A few decades ago General Motors promised its workers they would receive an extraordinary benefits package for many years to come if they would build cars in the short term. It all seemed so reasonable at the time. Cars were being built, profits were being generated, and everyone seemed happy. Then one day the bill came. GM realized that a staggering amount of the potential profit on each car was being eaten up by a promise that had been made many years earlier. To keep that promise, GM had to borrow massive sums of money, which eventually sent it into bankruptcy court. The short-term thinking of making promises that were unlikely to be kept ended up hurting a lot of people over the long run.
Imagine in 1971 a man said to his fourteen-year-old child, “If you do well in high school, I will pay for your tuition at an Ivy League college, and I will pay for your children to go to the Ivy League as well if they do a great job in high school.” The child goes to Harvard, the father is still working, and the tuition bill is paid even though it seems a little high and the dad has to borrow some money to pay it. In 2011 the first grandchild is ready to go to Harvard. Now the dad, who is also a grandpa, has long since retired, but he has to keep his promise. So he takes out huge loans, far more than he will ever be able to pay back, to pay for his grandchild’s tuition bill. In the end, the grandchild has to pay the bill or possibly the grandchild’s child has to pay it.

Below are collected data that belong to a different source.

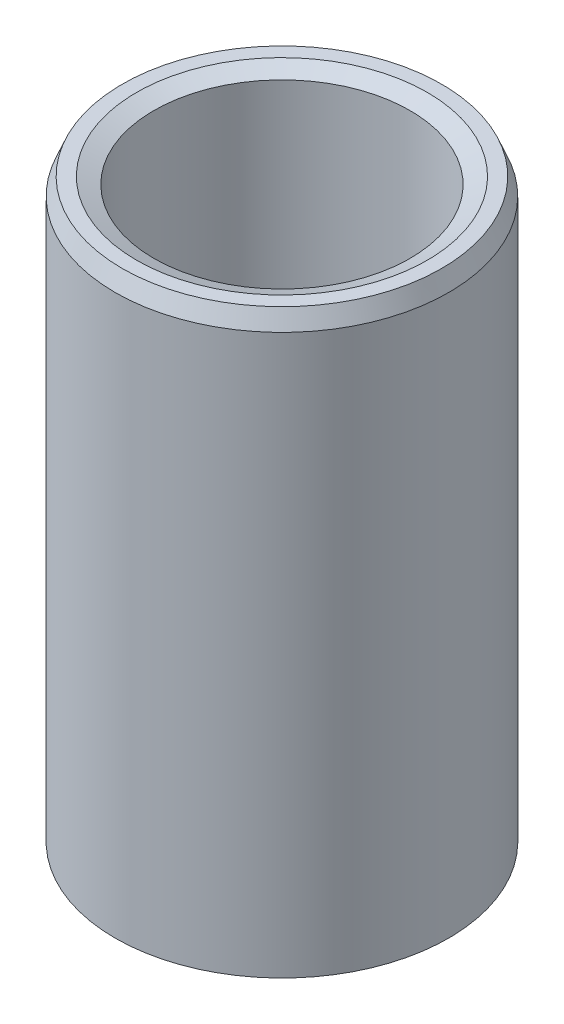
SolidWorks part; units mm, degrees
ref_plane "Front Plane" through (0, 0, 0) normal (0, 0, 1) x (1, 0, 0)
ref_plane "Top Plane" through (0, 0, 0) normal (0, 1, 0) x (1, 0, 0)
ref_plane "Right Plane" through (0, 0, 0) normal (1, 0, 0) x (0, 0, -1)
sketch "Sketch1" plane through (0, 0, 0) normal (0, 1, 0) x (1, 0, 0)
  circle A0 centre (0, 0) radius 25
  dimension "SLEEVE_OD" = 50
extrude "Boss-Extrude1" add sketch "Sketch1" along normal blind 87.4803
sketch "Sketch2" plane through (0, 0, 0) normal (0, 1, 0) x (1, 0, 0)
  circle A0 centre (0, 0) radius 19.2074
  dimension "BORE_D" = 38.4148
extrude "Cut-Extrude1" cut sketch "Sketch2" along normal through all
chamfer "Chamfer1" distance 2.5906 angle 22.209 4 edges at (0, 87.4803, 19.2074) (0, 0, 19.2074) (0, 0, 25) (0, 87.4803, 25) first distance on face at (0, 87.4803, 19.2074) first distance on face at (0, 0, 19.2074) first distance on face at (0, 87.4803, 25)

Essentially, that’s what we have done in America. Many years ago promises were made to our citizens that their medical bills would be paid if they were old or poor. At the time it seemed very noble and the cost of healthcare was relatively very inexpensive. Now several decades later during an incredible rise in the quality and cost of healthcare and in the number of people who qualify for these programs it has become much clearer that it is highly unlikely that we can keep that promise without borrowing hundreds of billions of dollars every year for the foreseeable future. The long-term thinking approach would be to say, “We care about all of our citizens and we will do what we can to help everyone as long as we can afford to pay for it.”
Instead promises were made that are currently impossible to keep without borrowing money. In other words, our promises have vastly outpaced our revenues. The short-term thinking approach is to provide all kinds of things and borrow whatever money is necessary because the bill won’t really be paid until way down in the future.
Can we keep our promises to all of our citizens? It’s possible, but I think the discussion has to include the parameter that no federal, state, or local government can spend more than it takes in. Without that being a firm parameter, every government group can think of valid reasons why it should always be allowed to spend more than it has to work with.
It’s painful sometimes to make sacrifices today in order to achieve success tomorrow. It can be very painful. Recently I drove with my mom to her first home that she and my dad built in 1957. It is a small home by any standard of today. Eventually there were seven of us living in that house. She spoke about that house in glowing terms. I asked her why she moved in 1967. She said, “We wanted to get to a school with smaller class sizes. Every decision we made was about the kids’ education.” That single moment summed up my parents’ approach to life: long-term thinking.
The World’s Greatest Business Challenge
The greatest challenge in business is not to achieve success. The greatest challenge is to sustain success over the long term. In order to do that, you have to consistently maintain a long-term thinking approach.
As you run your business or your part of your business, I’m asking you to think about this question, “How can I generate the best possible result today in a way that allows us to generate more good results for many years to come?” That is a significantly different question than, “How can I generate a great result today?” One is for long-term thinkers and the other is for short-term thinkers.
Avoid shortcuts and achieve results in ways that allow you to be successful again in the future.
Republishing Articles
My newsletters, Thoughts on Excellence, have been republished in approximately 40 trade magazines, on-line publications, and internal publications for businesses, universities, and not-for-profit organizations over the past 20+ years. If you would like to republish all or part of my monthly articles, please send me an e-mail at dan@thecoughlincompany.com with the name of the article you want in the subject heading. I will send you the article in a word document.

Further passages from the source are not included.